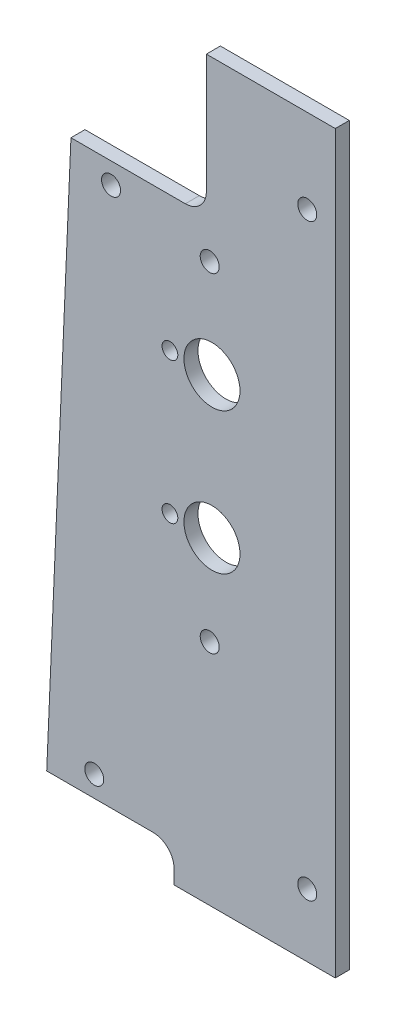
ISO-10303-21;
HEADER;
FILE_DESCRIPTION(('STEP AP214'),'2;1');
FILE_NAME('part.step','',(''),(''),'','','');
FILE_SCHEMA(('AUTOMOTIVE_DESIGN { 1 0 10303 214 1 1 1 1 }'));
ENDSEC;
DATA;
#1=APPLICATION_CONTEXT('core data for automotive mechanical design processes');
#2=APPLICATION_PROTOCOL_DEFINITION('international standard','automotive_design',2000,#1);
#3=PRODUCT_CONTEXT('',#1,'mechanical');
#4=PRODUCT('Part','Part','',(#3));
#5=PRODUCT_RELATED_PRODUCT_CATEGORY('part','',(#4));
#6=PRODUCT_DEFINITION_FORMATION('','',#4);
#7=PRODUCT_DEFINITION_CONTEXT('part definition',#1,'design');
#8=PRODUCT_DEFINITION('design','',#6,#7);
#9=PRODUCT_DEFINITION_SHAPE('','',#8);
#10=(LENGTH_UNIT() NAMED_UNIT(*) SI_UNIT(.MILLI.,.METRE.));
#11=(NAMED_UNIT(*) PLANE_ANGLE_UNIT() SI_UNIT($,.RADIAN.));
#12=(NAMED_UNIT(*) SI_UNIT($,.STERADIAN.) SOLID_ANGLE_UNIT());
#13=UNCERTAINTY_MEASURE_WITH_UNIT(LENGTH_MEASURE(1.E-05),#10,'distance_accuracy_value','');
#14=(GEOMETRIC_REPRESENTATION_CONTEXT(3) GLOBAL_UNCERTAINTY_ASSIGNED_CONTEXT((#13)) GLOBAL_UNIT_ASSIGNED_CONTEXT((#10,
#11,#12)) REPRESENTATION_CONTEXT('',''));
#15=CARTESIAN_POINT('',(0.,0.,0.));
#16=DIRECTION('',(0.,0.,1.));
#17=DIRECTION('',(1.,0.,0.));
#18=AXIS2_PLACEMENT_3D('',#15,#16,#17);
#19=CARTESIAN_POINT('',(-36.5125,3.175,-3.175));
#20=DIRECTION('',(-1.,0.,0.));
#21=DIRECTION('',(0.,-1.,0.));
#22=AXIS2_PLACEMENT_3D('',#19,#20,#21);
#23=PLANE('',#22);
#24=DIRECTION('',(0.,-1.,0.));
#25=VECTOR('',#24,1.);
#26=CARTESIAN_POINT('',(-36.5125,3.175,0.));
#27=LINE('',#26,#25);
#28=CARTESIAN_POINT('',(-36.5125,3.175,0.));
#29=VERTEX_POINT('',#28);
#30=CARTESIAN_POINT('',(-36.5125,0.,0.));
#31=VERTEX_POINT('',#30);
#32=EDGE_CURVE('E145',#29,#31,#27,.T.);
#33=ORIENTED_EDGE('',*,*,#32,.F.);
#34=DIRECTION('',(0.,0.,1.));
#35=VECTOR('',#34,1.);
#36=CARTESIAN_POINT('',(-36.5125,3.175,-3.175));
#37=LINE('',#36,#35);
#38=CARTESIAN_POINT('',(-36.5125,3.175,-3.175));
#39=VERTEX_POINT('',#38);
#40=EDGE_CURVE('E11',#39,#29,#37,.T.);
#41=ORIENTED_EDGE('',*,*,#40,.F.);
#42=DIRECTION('',(0.,-1.,0.));
#43=VECTOR('',#42,1.);
#44=CARTESIAN_POINT('',(-36.5125,3.175,-3.175));
#45=LINE('',#44,#43);
#46=CARTESIAN_POINT('',(-36.5125,0.,-3.175));
#47=VERTEX_POINT('',#46);
#48=EDGE_CURVE('E172',#39,#47,#45,.T.);
#49=ORIENTED_EDGE('',*,*,#48,.T.);
#50=DIRECTION('',(0.,0.,1.));
#51=VECTOR('',#50,1.);
#52=CARTESIAN_POINT('',(-36.5125,0.,-3.175));
#53=LINE('',#52,#51);
#54=EDGE_CURVE('E39',#47,#31,#53,.T.);
#55=ORIENTED_EDGE('',*,*,#54,.T.);
#56=EDGE_LOOP('',(#33,#41,#49,#55));
#57=FACE_BOUND('',#56,.T.);
#58=ADVANCED_FACE('F36',(#57),#23,.T.);
#59=CARTESIAN_POINT('',(-41.275,3.175,-3.175));
#60=DIRECTION('',(0.,0.,1.));
#61=DIRECTION('',(1.,0.,0.));
#62=AXIS2_PLACEMENT_3D('',#59,#60,#61);
#63=CYLINDRICAL_SURFACE('',#62,4.7625);
#64=CARTESIAN_POINT('',(-41.275,3.175,0.));
#65=DIRECTION('',(0.,0.,-1.));
#66=DIRECTION('',(1.,0.,0.));
#67=AXIS2_PLACEMENT_3D('',#64,#65,#66);
#68=CIRCLE('',#67,4.7625);
#69=CARTESIAN_POINT('',(-41.275,7.9375,0.));
#70=VERTEX_POINT('',#69);
#71=EDGE_CURVE('E170',#70,#29,#68,.T.);
#72=ORIENTED_EDGE('',*,*,#71,.F.);
#73=DIRECTION('',(0.,0.,1.));
#74=VECTOR('',#73,1.);
#75=CARTESIAN_POINT('',(-41.275,7.9375,-3.175));
#76=LINE('',#75,#74);
#77=CARTESIAN_POINT('',(-41.275,7.9375,-3.175));
#78=VERTEX_POINT('',#77);
#79=EDGE_CURVE('E45',#78,#70,#76,.T.);
#80=ORIENTED_EDGE('',*,*,#79,.F.);
#81=CARTESIAN_POINT('',(-41.275,3.175,-3.175));
#82=DIRECTION('',(0.,0.,-1.));
#83=DIRECTION('',(1.,0.,0.));
#84=AXIS2_PLACEMENT_3D('',#81,#82,#83);
#85=CIRCLE('',#84,4.7625);
#86=EDGE_CURVE('E135',#78,#39,#85,.T.);
#87=ORIENTED_EDGE('',*,*,#86,.T.);
#88=ORIENTED_EDGE('',*,*,#40,.T.);
#89=EDGE_LOOP('',(#72,#80,#87,#88));
#90=FACE_BOUND('',#89,.T.);
#91=ADVANCED_FACE('F188',(#90),#63,.F.);
#92=CARTESIAN_POINT('',(-65.3794505882353,7.9375,-3.175));
#93=DIRECTION('',(0.,-1.,0.));
#94=DIRECTION('',(0.,0.,-1.));
#95=AXIS2_PLACEMENT_3D('',#92,#93,#94);
#96=PLANE('',#95);
#97=DIRECTION('',(1.,0.,0.));
#98=VECTOR('',#97,1.);
#99=CARTESIAN_POINT('',(-65.3794505882353,7.9375,0.));
#100=LINE('',#99,#98);
#101=CARTESIAN_POINT('',(-65.3794505882353,7.9375,0.));
#102=VERTEX_POINT('',#101);
#103=EDGE_CURVE('E122',#102,#70,#100,.T.);
#104=ORIENTED_EDGE('',*,*,#103,.F.);
#105=DIRECTION('',(0.,0.,1.));
#106=VECTOR('',#105,1.);
#107=CARTESIAN_POINT('',(-65.3794505882353,7.9375,-3.175));
#108=LINE('',#107,#106);
#109=CARTESIAN_POINT('',(-65.3794505882353,7.9375,-3.175));
#110=VERTEX_POINT('',#109);
#111=EDGE_CURVE('E117',#110,#102,#108,.T.);
#112=ORIENTED_EDGE('',*,*,#111,.F.);
#113=DIRECTION('',(1.,0.,0.));
#114=VECTOR('',#113,1.);
#115=CARTESIAN_POINT('',(-65.3794505882353,7.9375,-3.175));
#116=LINE('',#115,#114);
#117=EDGE_CURVE('E120',#110,#78,#116,.T.);
#118=ORIENTED_EDGE('',*,*,#117,.T.);
#119=ORIENTED_EDGE('',*,*,#79,.T.);
#120=EDGE_LOOP('',(#104,#112,#118,#119));
#121=FACE_BOUND('',#120,.T.);
#122=ADVANCED_FACE('F119',(#121),#96,.T.);
#123=CARTESIAN_POINT('',(-59.89066,134.9375,-3.175));
#124=DIRECTION('',(-0.999067372960438,0.0431785164859704,0.));
#125=DIRECTION('',(-0.0431785164859704,-0.999067372960438,0.));
#126=AXIS2_PLACEMENT_3D('',#123,#124,#125);
#127=PLANE('',#126);
#128=DIRECTION('',(-0.0431785164859704,-0.999067372960438,0.));
#129=VECTOR('',#128,1.);
#130=CARTESIAN_POINT('',(-59.89066,134.9375,0.));
#131=LINE('',#130,#129);
#132=CARTESIAN_POINT('',(-59.89066,134.9375,0.));
#133=VERTEX_POINT('',#132);
#134=EDGE_CURVE('E167',#133,#102,#131,.T.);
#135=ORIENTED_EDGE('',*,*,#134,.F.);
#136=DIRECTION('',(0.,0.,1.));
#137=VECTOR('',#136,1.);
#138=CARTESIAN_POINT('',(-59.89066,134.9375,-3.175));
#139=LINE('',#138,#137);
#140=CARTESIAN_POINT('',(-59.89066,134.9375,-3.175));
#141=VERTEX_POINT('',#140);
#142=EDGE_CURVE('E127',#141,#133,#139,.T.);
#143=ORIENTED_EDGE('',*,*,#142,.F.);
#144=DIRECTION('',(-0.0431785164859704,-0.999067372960438,0.));
#145=VECTOR('',#144,1.);
#146=CARTESIAN_POINT('',(-59.89066,134.9375,-3.175));
#147=LINE('',#146,#145);
#148=EDGE_CURVE('E133',#141,#110,#147,.T.);
#149=ORIENTED_EDGE('',*,*,#148,.T.);
#150=ORIENTED_EDGE('',*,*,#111,.T.);
#151=EDGE_LOOP('',(#135,#143,#149,#150));
#152=FACE_BOUND('',#151,.T.);
#153=ADVANCED_FACE('F137',(#152),#127,.T.);
#154=CARTESIAN_POINT('',(-33.9725,134.9375,-3.175));
#155=DIRECTION('',(0.,1.,0.));
#156=DIRECTION('',(-1.,0.,0.));
#157=AXIS2_PLACEMENT_3D('',#154,#155,#156);
#158=PLANE('',#157);
#159=DIRECTION('',(-1.,0.,0.));
#160=VECTOR('',#159,1.);
#161=CARTESIAN_POINT('',(-33.9725,134.9375,0.));
#162=LINE('',#161,#160);
#163=CARTESIAN_POINT('',(-33.9725,134.9375,0.));
#164=VERTEX_POINT('',#163);
#165=EDGE_CURVE('E164',#164,#133,#162,.T.);
#166=ORIENTED_EDGE('',*,*,#165,.F.);
#167=DIRECTION('',(0.,0.,1.));
#168=VECTOR('',#167,1.);
#169=CARTESIAN_POINT('',(-33.9725,134.9375,-3.175));
#170=LINE('',#169,#168);
#171=CARTESIAN_POINT('',(-33.9725,134.9375,-3.175));
#172=VERTEX_POINT('',#171);
#173=EDGE_CURVE('E176',#172,#164,#170,.T.);
#174=ORIENTED_EDGE('',*,*,#173,.F.);
#175=DIRECTION('',(-1.,0.,0.));
#176=VECTOR('',#175,1.);
#177=CARTESIAN_POINT('',(-33.9725,134.9375,-3.175));
#178=LINE('',#177,#176);
#179=EDGE_CURVE('E138',#172,#141,#178,.T.);
#180=ORIENTED_EDGE('',*,*,#179,.T.);
#181=ORIENTED_EDGE('',*,*,#142,.T.);
#182=EDGE_LOOP('',(#166,#174,#180,#181));
#183=FACE_BOUND('',#182,.T.);
#184=ADVANCED_FACE('F201',(#183),#158,.T.);
#185=CARTESIAN_POINT('',(-33.9725,139.7,-3.175));
#186=DIRECTION('',(0.,0.,1.));
#187=DIRECTION('',(1.,0.,0.));
#188=AXIS2_PLACEMENT_3D('',#185,#186,#187);
#189=CYLINDRICAL_SURFACE('',#188,4.7625);
#190=CARTESIAN_POINT('',(-33.9725,139.7,0.));
#191=DIRECTION('',(0.,0.,-1.));
#192=DIRECTION('',(1.,0.,0.));
#193=AXIS2_PLACEMENT_3D('',#190,#191,#192);
#194=CIRCLE('',#193,4.7625);
#195=CARTESIAN_POINT('',(-29.21,139.7,0.));
#196=VERTEX_POINT('',#195);
#197=EDGE_CURVE('E161',#196,#164,#194,.T.);
#198=ORIENTED_EDGE('',*,*,#197,.F.);
#199=DIRECTION('',(0.,0.,1.));
#200=VECTOR('',#199,1.);
#201=CARTESIAN_POINT('',(-29.21,139.7,-3.175));
#202=LINE('',#201,#200);
#203=CARTESIAN_POINT('',(-29.21,139.7,-3.175));
#204=VERTEX_POINT('',#203);
#205=EDGE_CURVE('E178',#204,#196,#202,.T.);
#206=ORIENTED_EDGE('',*,*,#205,.F.);
#207=CARTESIAN_POINT('',(-33.9725,139.7,-3.175));
#208=DIRECTION('',(0.,0.,-1.));
#209=DIRECTION('',(1.,0.,0.));
#210=AXIS2_PLACEMENT_3D('',#207,#208,#209);
#211=CIRCLE('',#210,4.7625);
#212=EDGE_CURVE('E140',#204,#172,#211,.T.);
#213=ORIENTED_EDGE('',*,*,#212,.T.);
#214=ORIENTED_EDGE('',*,*,#173,.T.);
#215=EDGE_LOOP('',(#198,#206,#213,#214));
#216=FACE_BOUND('',#215,.T.);
#217=ADVANCED_FACE('F204',(#216),#189,.F.);
#218=CARTESIAN_POINT('',(-29.21,166.6875,-3.175));
#219=DIRECTION('',(-1.,0.,0.));
#220=DIRECTION('',(0.,0.,1.));
#221=AXIS2_PLACEMENT_3D('',#218,#219,#220);
#222=PLANE('',#221);
#223=DIRECTION('',(0.,-1.,0.));
#224=VECTOR('',#223,1.);
#225=CARTESIAN_POINT('',(-29.21,166.6875,0.));
#226=LINE('',#225,#224);
#227=CARTESIAN_POINT('',(-29.21,166.6875,0.));
#228=VERTEX_POINT('',#227);
#229=EDGE_CURVE('E158',#228,#196,#226,.T.);
#230=ORIENTED_EDGE('',*,*,#229,.F.);
#231=DIRECTION('',(0.,0.,1.));
#232=VECTOR('',#231,1.);
#233=CARTESIAN_POINT('',(-29.21,166.6875,-3.175));
#234=LINE('',#233,#232);
#235=CARTESIAN_POINT('',(-29.21,166.6875,-3.175));
#236=VERTEX_POINT('',#235);
#237=EDGE_CURVE('E180',#236,#228,#234,.T.);
#238=ORIENTED_EDGE('',*,*,#237,.F.);
#239=DIRECTION('',(0.,-1.,0.));
#240=VECTOR('',#239,1.);
#241=CARTESIAN_POINT('',(-29.21,166.6875,-3.175));
#242=LINE('',#241,#240);
#243=EDGE_CURVE('E344',#236,#204,#242,.T.);
#244=ORIENTED_EDGE('',*,*,#243,.T.);
#245=ORIENTED_EDGE('',*,*,#205,.T.);
#246=EDGE_LOOP('',(#230,#238,#244,#245));
#247=FACE_BOUND('',#246,.T.);
#248=ADVANCED_FACE('F208',(#247),#222,.T.);
#249=CARTESIAN_POINT('',(0.,166.6875,-3.175));
#250=DIRECTION('',(0.,1.,0.));
#251=DIRECTION('',(0.,0.,1.));
#252=AXIS2_PLACEMENT_3D('',#249,#250,#251);
#253=PLANE('',#252);
#254=DIRECTION('',(-1.,0.,0.));
#255=VECTOR('',#254,1.);
#256=CARTESIAN_POINT('',(0.,166.6875,0.));
#257=LINE('',#256,#255);
#258=CARTESIAN_POINT('',(0.,166.6875,0.));
#259=VERTEX_POINT('',#258);
#260=EDGE_CURVE('E155',#259,#228,#257,.T.);
#261=ORIENTED_EDGE('',*,*,#260,.F.);
#262=DIRECTION('',(0.,0.,1.));
#263=VECTOR('',#262,1.);
#264=CARTESIAN_POINT('',(0.,166.6875,-3.175));
#265=LINE('',#264,#263);
#266=CARTESIAN_POINT('',(0.,166.6875,-3.175));
#267=VERTEX_POINT('',#266);
#268=EDGE_CURVE('E182',#267,#259,#265,.T.);
#269=ORIENTED_EDGE('',*,*,#268,.F.);
#270=DIRECTION('',(-1.,0.,0.));
#271=VECTOR('',#270,1.);
#272=CARTESIAN_POINT('',(0.,166.6875,-3.175));
#273=LINE('',#272,#271);
#274=EDGE_CURVE('E341',#267,#236,#273,.T.);
#275=ORIENTED_EDGE('',*,*,#274,.T.);
#276=ORIENTED_EDGE('',*,*,#237,.T.);
#277=EDGE_LOOP('',(#261,#269,#275,#276));
#278=FACE_BOUND('',#277,.T.);
#279=ADVANCED_FACE('F212',(#278),#253,.T.);
#280=CARTESIAN_POINT('',(0.,0.,-3.175));
#281=DIRECTION('',(1.,0.,0.));
#282=DIRECTION('',(0.,1.,0.));
#283=AXIS2_PLACEMENT_3D('',#280,#281,#282);
#284=PLANE('',#283);
#285=DIRECTION('',(0.,1.,0.));
#286=VECTOR('',#285,1.);
#287=CARTESIAN_POINT('',(0.,0.,0.));
#288=LINE('',#287,#286);
#289=CARTESIAN_POINT('',(0.,0.,0.));
#290=VERTEX_POINT('',#289);
#291=EDGE_CURVE('E152',#290,#259,#288,.T.);
#292=ORIENTED_EDGE('',*,*,#291,.F.);
#293=DIRECTION('',(0.,0.,1.));
#294=VECTOR('',#293,1.);
#295=CARTESIAN_POINT('',(0.,0.,-3.175));
#296=LINE('',#295,#294);
#297=CARTESIAN_POINT('',(0.,0.,-3.175));
#298=VERTEX_POINT('',#297);
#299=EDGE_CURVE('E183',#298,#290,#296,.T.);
····················
Description of the task >> Look above for the line containing "#164=VERTEX_POINT('',#163);". Output from there through the line containing "#176=VECTOR('',#175,1.);", exactly and inclusively.

Exercise result >>
#164=VERTEX_POINT('',#163);
#165=EDGE_CURVE('E164',#164,#133,#162,.T.);
#166=ORIENTED_EDGE('',*,*,#165,.F.);
#167=DIRECTION('',(0.,0.,1.));
#168=VECTOR('',#167,1.);
#169=CARTESIAN_POINT('',(-33.9725,134.9375,-3.175));
#170=LINE('',#169,#168);
#171=CARTESIAN_POINT('',(-33.9725,134.9375,-3.175));
#172=VERTEX_POINT('',#171);
#173=EDGE_CURVE('E176',#172,#164,#170,.T.);
#174=ORIENTED_EDGE('',*,*,#173,.F.);
#175=DIRECTION('',(-1.,0.,0.));
#176=VECTOR('',#175,1.);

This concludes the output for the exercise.